While it's usually the case, there's no rule that says that the platform's native alignment must be the same as the pointer size. On 68k reads of all sizes from addresses divisible by 2 are always legal (i.e. properly aligned). On x86 that number is '4', while on amd64 it's '8' (let's ignore SIMD instructions).

BTW, if you want to play with a 68k compiler, I've just found an instance of Compiler Explorer with 68k gcc installed: http://brownbot.mooo.com/. As you can see in the assembly output here, the compiler behaves exactly as I said.

xenu commented 4 years ago

Another example of a platform where the native alignment is not the same as the pointer size is X32 Linux ABI. Despite the fact that sizeof(void*) == 4, the native alignment is 8 bytes: https://gcc.godbolt.org/z/ZaiVRo

geertu commented 4 years ago

Both sizeof(struct opslab) and sizeof(struct opslot) will be a multiple of sizeof(void *) (which is 4 bytes, like any other pointer on 68k), since both structures contain pointers.

This is a common misconception: sizeof(struct) is not a multiple of max(sizeof(struct.member)), but rather max(alignof(struct.member)). alignof(void *), alignof(int), and alignof(long) are 2 bytes on m68k (and cris, a.o.).
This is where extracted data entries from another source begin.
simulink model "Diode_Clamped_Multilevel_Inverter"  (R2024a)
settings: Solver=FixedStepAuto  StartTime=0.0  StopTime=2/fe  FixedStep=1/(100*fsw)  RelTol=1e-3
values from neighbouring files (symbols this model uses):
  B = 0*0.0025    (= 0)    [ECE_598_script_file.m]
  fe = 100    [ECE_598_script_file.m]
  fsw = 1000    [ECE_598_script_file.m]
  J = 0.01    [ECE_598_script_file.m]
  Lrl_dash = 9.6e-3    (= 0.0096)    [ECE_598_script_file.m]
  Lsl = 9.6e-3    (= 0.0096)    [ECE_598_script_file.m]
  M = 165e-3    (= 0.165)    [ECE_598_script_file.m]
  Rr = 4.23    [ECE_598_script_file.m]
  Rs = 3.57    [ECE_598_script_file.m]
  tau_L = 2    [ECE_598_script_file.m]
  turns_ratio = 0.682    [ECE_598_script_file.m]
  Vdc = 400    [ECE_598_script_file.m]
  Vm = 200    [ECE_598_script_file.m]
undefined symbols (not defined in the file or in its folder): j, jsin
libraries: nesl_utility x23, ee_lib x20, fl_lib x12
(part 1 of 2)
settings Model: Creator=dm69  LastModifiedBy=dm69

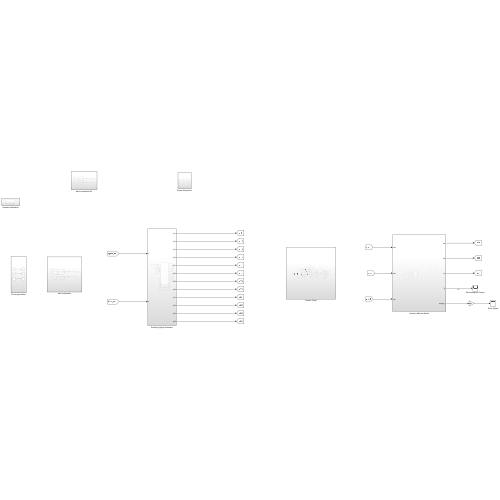
[thumbnail: Simulink's stored preview of the top-level diagram]
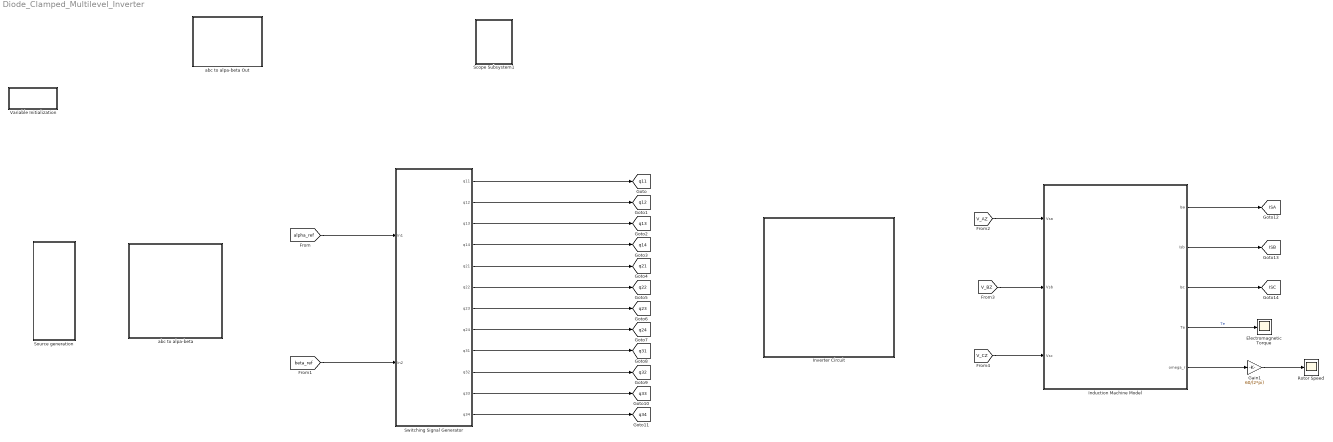
== system Diode_Clamped_Multilevel_Inverter ==
  Electromagnetic Torque : Scope
  Gain1 : Gain  Gain=60/(2*pi)
  Induction Machine Model : Subsystem
  Inverter Circuit : Subsystem
  Rotor Speed : Scope
  Scope Subsystem1 : Subsystem
  Source generation : Subsystem
  Switching Signal Generator : Subsystem
  Variable Initialization : Subsystem
  abc to alpa-beta : Subsystem
  abc to alpa-beta Out : Subsystem
  tag scope: ISA=global, ISB=global, ISC=global, q11=global, q12=global, q13=global, q14=global, q21=global, q22=global, q23=global, q24=global, q31=global, q32=global, q33=global, q34=global
  wires:
  Gain1/1 -> Rotor Speed/1
  Induction Machine Model/2(Isb) -> [ISB]
  Induction Machine Model/3(Isc) -> [ISC]
  Induction Machine Model/1(Isa) -> [ISA]
  Switching Signal Generator/11(q33) -> [q33]
  Switching Signal Generator/12(q34) -> [q34]
  Switching Signal Generator/10(q32) -> [q32]
  Switching Signal Generator/8(q24) -> [q24]
  Switching Signal Generator/9(q31) -> [q31]
  Switching Signal Generator/6(q22) -> [q22]
  Induction Machine Model/5(omega_r) -> Gain1/1
  Switching Signal Generator/3(q13) -> [q13]
  Switching Signal Generator/2(q12) -> [q12]
  Switching Signal Generator/1(q11) -> [q11]
  Switching Signal Generator/4(q14) -> [q14]
  Switching Signal Generator/5(q21) -> [q21]
  [alpha_ref] -> Switching Signal Generator/1(In1)
  Induction Machine Model/4(Te) -> Electromagnetic Torque/1  "Te"
  [beta_ref] -> Switching Signal Generator/2(In2)
  Switching Signal Generator/7(q23) -> [q23]
  [V_AZ] -> Induction Machine Model/1(Vsa)
  [V_BZ] -> Induction Machine Model/2(Vsb)
  [V_CZ] -> Induction Machine Model/3(Vsc)

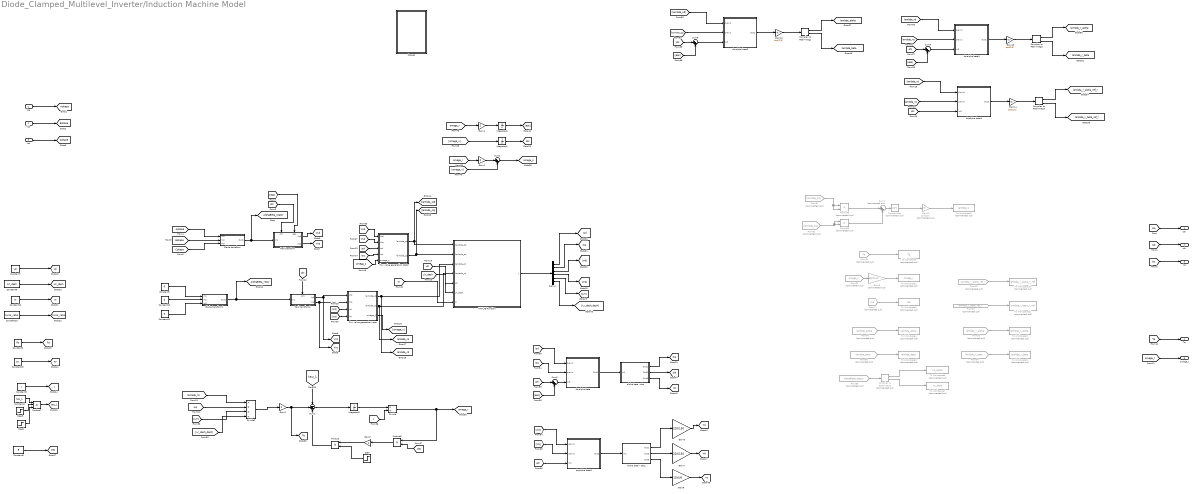
== system Diode_Clamped_Multilevel_Inverter/Induction Machine Model ==
  Vsa : Inport
  Vsb : Inport  Port=2
  Vsc : Inport  Port=3
  Clarke transform : Subsystem
  Clarke transform1 : Subsystem
  Complex to Real-Imag1 : ComplexToRealImag
  Complex to Real-Imag2 : ComplexToRealImag  Commented=on
  Complex to Real-Imag3 : ComplexToRealImag
  Complex to Real-Imag4 : ComplexToRealImag
  Constant10 : Constant  Value=0
  Constant11 : Constant  Value=0
  Constant12 : Constant  Value=M
  Constant13 : Constant  Value=turns_ratio
  Constant15 : Constant  Value=Rr
  Constant3 : Constant  Value=J
  Constant4 : Constant  Value=tau_L
  Constant5 : Constant  Value=Rs
  Constant6 : Constant  Value=B
  Constant7 : Constant  Value=Lsl
  Constant8 : Constant  Value=Lrl_dash
  Constant9 : Constant  Value=0
  Demux : Demux  Outputs=6
  Divide : Product  Inputs=*/
  Divide2 : Product  Inputs=***/
  From43 : From  Commented=on  GotoTag=lambda_r_alpha_ref_r  TagVisibility=global
  From61 : From  Commented=on  GotoTag=Te  TagVisibility=global
  From62 : From  Commented=on  GotoTag=omega_r
  From74 : From  Commented=on  GotoTag=Isa  TagVisibility=global
  From81 : From  Commented=on  GotoTag=lambda_sd
  From82 : From  Commented=on  GotoTag=lambda_sq
  From87 : From  Commented=on  GotoTag=lambda_alpha  TagVisibility=global
  From88 : From  Commented=on  GotoTag=lambda_beta  TagVisibility=global
  From89 : From  Commented=on  GotoTag=AlphaBeta_stator
  From92 : From  Commented=on  GotoTag=lambda_r_beta_ref_r  TagVisibility=global
  From93 : From  Commented=on  GotoTag=lambda_r_alpha  TagVisibility=global
  From94 : From  Commented=on  GotoTag=lambda_r_beta  TagVisibility=global
  Gain1 : Gain  Gain=2
  Gain11 : Gain  Commented=on  Gain=sqrt(2/3)
  Gain12 : Gain  Gain=sqrt(2/3)
  Gain13 : Gain  Gain=sqrt(2/3)
  Gain14 : Gain  Gain=sqrt(2/3)
  Gain2 : Gain  Gain=2
  Gain3 : Gain
  Gain4 : Gain  Gain=2
  Gain6 : Gain  Gain=220/150
  Gain7 : Gain  Gain=220/150
  Gain8 : Gain  Gain=220/150
  Gain9 : Gain  Commented=on  Gain=60/(2*pi)
  Integrator1 : Integrator  InitialCondition=1e-4
  Integrator3 : Integrator
  Integrator6 : Integrator  InitialCondition=1e-4
  MATLAB Function : MATLAB Function  TreatAsAtomicUnit=on
  Park transform : Subsystem
      settings: PortSchema="{\"entries\":[{\"content\":{\"sides\":[{\"content\":{\"connectorIds\":[\"In1\"]},\"type\":\"ConnectorPlacement.EquallySpacedRectSide\",\"uuid\":\"6c71d13c-178f-4a42-b33e-304e9d2b6e08\"},{\"content\":{\"connectorIds\":[\"Out1\",\"Out2\"],\"side\":\"RIGHT\"},\"type\":\"ConnectorPlacement.EquallySpacedRectSide\",\"uuid\":\"2a6462c8-5182-4726-b418-a85255dbc142\"},{\"content\":{\"connectorIds\":[\"In2\",\"In3\"],\"side\":\"TOP\"},\"type\":\"ConnectorPlacement.EquallySpacedRectSide\",\"uuid\":\"09083f92-b28e-408e-9b2d-669b336a5b1a\"}]},\"type\":\"ConnectorPlacement.EquallySpacedConnector\",\"uuid\":\"431009d8-f15a-4fdd-ac9b-0312528d9d69\"}],\"packageUris\":[\"http://schema.mathworks.com/mf0/Connector/R2020b\"],\"version\":\"1.0\"}"
  Park transform1 : Subsystem
      settings: PortSchema="{\"entries\":[{\"content\":{\"sides\":[{\"content\":{\"connectorIds\":[\"In1\"]},\"type\":\"ConnectorPlacement.EquallySpacedRectSide\",\"uuid\":\"6c71d13c-178f-4a42-b33e-304e9d2b6e08\"},{\"content\":{\"connectorIds\":[\"Out1\",\"Out2\"],\"side\":\"RIGHT\"},\"type\":\"ConnectorPlacement.EquallySpacedRectSide\",\"uuid\":\"2a6462c8-5182-4726-b418-a85255dbc142\"},{\"content\":{\"connectorIds\":[\"In2\"],\"side\":\"TOP\"},\"type\":\"ConnectorPlacement.EquallySpacedRectSide\",\"uuid\":\"09083f92-b28e-408e-9b2d-669b336a5b1a\"}]},\"type\":\"ConnectorPlacement.EquallySpacedConnector\",\"uuid\":\"431009d8-f15a-4fdd-ac9b-0312528d9d69\"}],\"packageUris\":[\"http://schema.mathworks.com/mf0/Connector/R2020b\"],\"version\":\"1.0\"}"
  Product : Product
  Product2 : Product
  Product7 : Product  Inputs=3
  Product8 : Product  Commented=on
  Product9 : Product  Commented=on
  Scopes : Subsystem
  Square Root : Sqrt  Commented=on
  Step : Step  Time=1e-3  SampleTime=0
  Step1 : Step  Time=8  Before=1  After=0  SampleTime=0
  Step3 : Step  Time=4  SampleTime=0
  Sum1 : Sum  Inputs=-+-
  Sum{2,5,8..9} (4 alike) : Sum  Inputs=|++
  Sum7 : Sum  Commented=on  Inputs=|++
  To Workspace : ToWorkspace  Commented=on  VariableName=Te  SaveFormat=Timeseries  SampleTime=-1
  To Workspace1 : ToWorkspace  Commented=on  VariableName=omega_r  SaveFormat=Timeseries  SampleTime=-1
  To Workspace10 : ToWorkspace  Commented=on  VariableName=lambda_r_alpha_r_ref  SaveFormat=Timeseries  SampleTime=-1
  To Workspace11 : ToWorkspace  Commented=on  VariableName=lambda_r_beta_r_ref  SaveFormat=Timeseries  SampleTime=-1
  To Workspace2 : ToWorkspace  Commented=on  VariableName=Isa  SaveFormat=Timeseries  SampleTime=-1
  To Workspace3 : ToWorkspace  Commented=on  VariableName=lambda_s  SaveFormat=Timeseries  SampleTime=-1
  To Workspace4 : ToWorkspace  Commented=on  VariableName=lambda_alpha  SaveFormat=Timeseries  SampleTime=-1
  To Workspace5 : ToWorkspace  Commented=on  VariableName=lambda_beta  SaveFormat=Timeseries  SampleTime=-1
  To Workspace6 : ToWorkspace  Commented=on  VariableName=Vs_alpha  SaveFormat=Timeseries  SampleTime=-1
  To Workspace7 : ToWorkspace  Commented=on  VariableName=Vs_beta  SaveFormat=Timeseries  SampleTime=-1
  To Workspace8 : ToWorkspace  Commented=on  VariableName=lambda_r_alpha  SaveFormat=Timeseries  SampleTime=-1
  To Workspace9 : ToWorkspace  Commented=on  VariableName=lambda_r_beta  SaveFormat=Timeseries  SampleTime=-1
  alpha beta - abc : Subsystem
  alpha beta - abc1 : Subsystem
  dq-alpha beta : Subsystem
  dq-alpha beta1 : Subsystem
  dq-alpha beta2 : Subsystem
  dq-alpha beta3 : Subsystem
  dq-alpha beta4 : Subsystem
  flux value generation rotor : Subsystem
  flux value generation stator : Subsystem
  Isa : Outport
  Isb : Outport  Port=2
  Isc : Outport  Port=3
  Te : Outport  Port=4
  omega_r : Outport  Port=5
  tag scope: AlphaBeta_rotor=global, AlphaBeta_stator=global, Aphase=global, Bphase=global, Cphase=global, Ira=global, Irb=global, Irc=global, Isa=global, Isb=global, Isc=global, Isd=global, Isq=global, J=global, Llr_dash=global, Lsl=global, M=global, Rr=global, Rs=global, Te=global, Vrd=global, Vrq=global, Vsd=global, Vsq=global, lambda_alpha=global, lambda_beta=global, lambda_r_alpha=global, lambda_r_alpha_ref_r=global, lambda_r_beta=global, lambda_r_beta_ref_r=global, lambda_rd=global, lambda_rq=global, omega_r=global, omega_s=global, phi=global, tau_L=global, turns_ratio=global
  wires:
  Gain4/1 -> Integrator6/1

tonycoz commented 4 years ago

Yeah, I think I misunderstood the problem. I thought we were seeing alignment errors (given the patch description) on access, but the actual problem isn't alignment on access, but that the assumption that offsetof(struct opslab, opslab_slots) % sizeof(I32 *) == 0 is incorrect.

This makes the OpSLAB() macro return an incorrect pointer to the slab and everything breaks from there.

I'll work on a less fragile fix for this that doesn't require manually managing alignment.